In case you hadn’t noticed, the world has changed. We now have our own computers, each of us, and we have instant access to the largest collection of documents in the world, documents in more languages than we could have dreamed of. I’m referring to the internet, of course, and [End Page 857] the linguistic resources it makes available to us are staggering. Interested in reduplication in Tagalog? It took me about fifteen minutes of searching to find a couple hundred thousand words in Tagalog so I could set up my own database and scour it for reduplicated forms. Swahili, likewise. It wouldn’t even take that long to find a wordlist in English that matched 50,000 words in orthographic form to a phonemic representation, if you want to study English lexical phonology.

You can do some remarkable things with a good web browser, a word processor like Microsoft Word, and even more if you’re handy with a spreadsheet program (e.g. Excel). Word lets you search for words or patterns, and Excel lets you sort lists easily. But if you want to go past that, and you’re not already a programmer, then you should learn Perl.

Perl is a language that was written by Larry Wall about fifteen years ago. Wall is not only a computer developer but a linguist trained by the Summer Institute of Linguistics (SIL); a blurb on one of his books states that he was a graduate student in linguistics at both UCLA and UC Berkeley. It won’t mean much to neophytes to say that Perl is written much in the spirit of C, a standard programming language, but it is. (The up-side is that someone who knows Perl very well has a leg up on advancing to C or C++.) Perl is a relatively easy programming language to learn. It runs on every platform I’ve heard of (that means there are versions of it for Windows, Macintosh, Linux, and so on), and it’s free—you can download it off the internet.

How, then, are you to make good on your determination to follow my good advice, or to follow your own inclination, and learn Perl? You could take a course somewhere, like a community college, or you could read on-line documentation—or, most likely, you’ll buy a book, one that claims you can learn Perl just by working your way through it.

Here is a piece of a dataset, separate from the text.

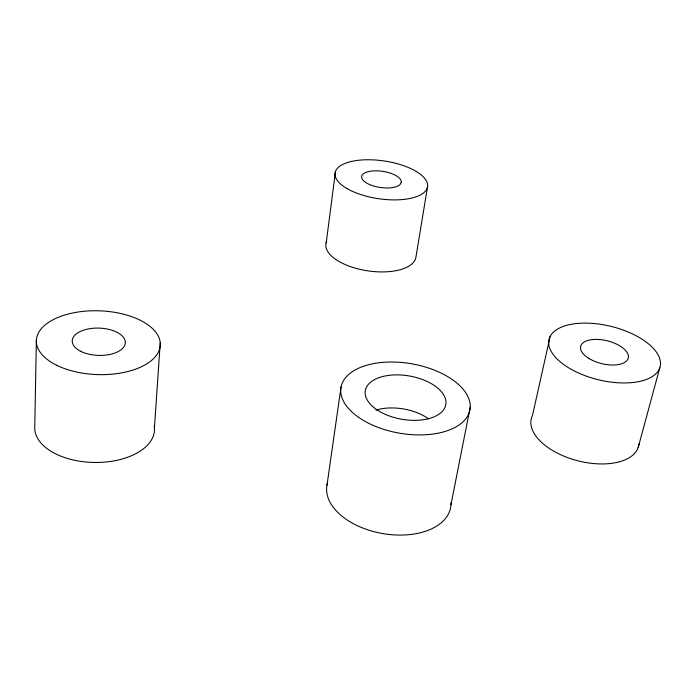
<?xml version="1.0" encoding="UTF-8"?>
<svg xmlns="http://www.w3.org/2000/svg" width="695" height="695" viewBox="0 0 695 695"><rect width="100%" height="100%" fill="white"/><g stroke="black" fill="none" stroke-linecap="round" stroke-linejoin="round"><path stroke-width="1.04" d="M36.357 340.385L34.75 427.086A59.892 33.846 1 0 0 96.996 462.47A59.892 33.846 1 0 0 154.186 425.853M154.446 427.79L160.25 342.696M326.198 243.007L335.372 172.178M326.98 485.258L341.045 386.993M427.599 186.434L415.966 256.924A45.514 20.581 8.4 0 1 365.205 270.433A45.514 20.581 8.4 0 1 326.676 241.261M450.968 504.718L470.228 407.166M550.162 336.389L532.448 415.541A55.374 29.242 14.5 0 0 577.058 460.594A55.374 29.242 14.5 0 0 638.983 443.792M638.175 447.563L659.737 367.968A57.199 27.426 13.8 0 0 585.025 323.106A57.199 27.426 13.8 0 0 568.962 368.011A57.199 27.426 13.8 0 0 659.737 367.968M450.994 502.746A62.828 37.634 10.1 0 1 384.309 533.838A62.828 37.634 10.1 0 1 327.415 483.355M375.943 410.111A40.293 22.509 9.9 0 1 428.667 418.877M401.224 182.359L400.224 184.349A20.033 8.175 8.4 0 1 385.152 187.954L379.922 187.424A19.999 8.158 8.4 0 1 361.687 176.382A19.999 8.158 8.4 0 1 382.806 171.361A19.999 8.158 8.4 0 1 401.224 182.359M358.637 417.347A65.452 35.219 9.8 0 0 467.631 416.079A65.452 35.219 9.8 0 0 390.156 362.034A65.452 35.219 9.8 0 0 358.637 417.347M376.647 409.607A40.849 21.971 9.8 0 0 444.479 408.373A40.849 21.971 9.8 0 0 395.542 374.892A40.849 21.971 9.8 0 0 376.647 409.607M346.979 188.545A46.756 19.086 8.4 0 0 425.427 191.125A46.756 19.086 8.4 0 0 371.547 159.807A46.756 19.086 8.4 0 0 346.979 188.545M56.79 365.327A62.02 31.909 2 0 0 158.947 350.932A62.02 31.909 2 0 0 79.265 311.838A62.02 31.909 2 0 0 56.79 365.327M80.568 351.236A26.566 13.657 2 0 0 124.614 345.571A26.566 13.657 2 0 0 91.149 328.474A26.566 13.657 2 0 0 80.568 351.236M588.847 358.411A24.499 11.745 13.8 0 0 628.002 358.829A24.499 11.745 13.8 0 0 596.519 339.403A24.499 11.745 13.8 0 0 588.847 358.411"/></g></svg>

I have taught programming to linguistics students, and I’ve learned programming languages (like Perl) from books. One generalization that emerges from all of this is that buying just one book on a programming language simply isn’t enough. That may sound a bit spendthrift when we recall that the price of a book is likely to start at $30 (Hammond’s is $40), averages $50, and goes as high as $90, but it’s not. With a few good books that complement each other, you can learn material that is almost priceless: in any event, a basic course at a college level will start at several hundred dollars, so you have no call to be cheap on books. Take my advice—if you want to learn Perl, or any other programming language, it will be worth your money to buy two or three books so you can read several different approaches to the same basic programming tasks.

Michael Hammond, a phonologist at the University of Arizona, has written a book on Perl for linguists who want to learn to program. It’s a fairly compact book, as computer books go, and was published by Blackwell, a publisher better known for its linguistics line than for its computer languages line. He covers the principal aspects of the language that a linguist needs to know, and he touches on a few topics of special interest to linguists in more detail.

H’s book (PL) teaches the basics of using Perl, in addition to one of its major uses, its...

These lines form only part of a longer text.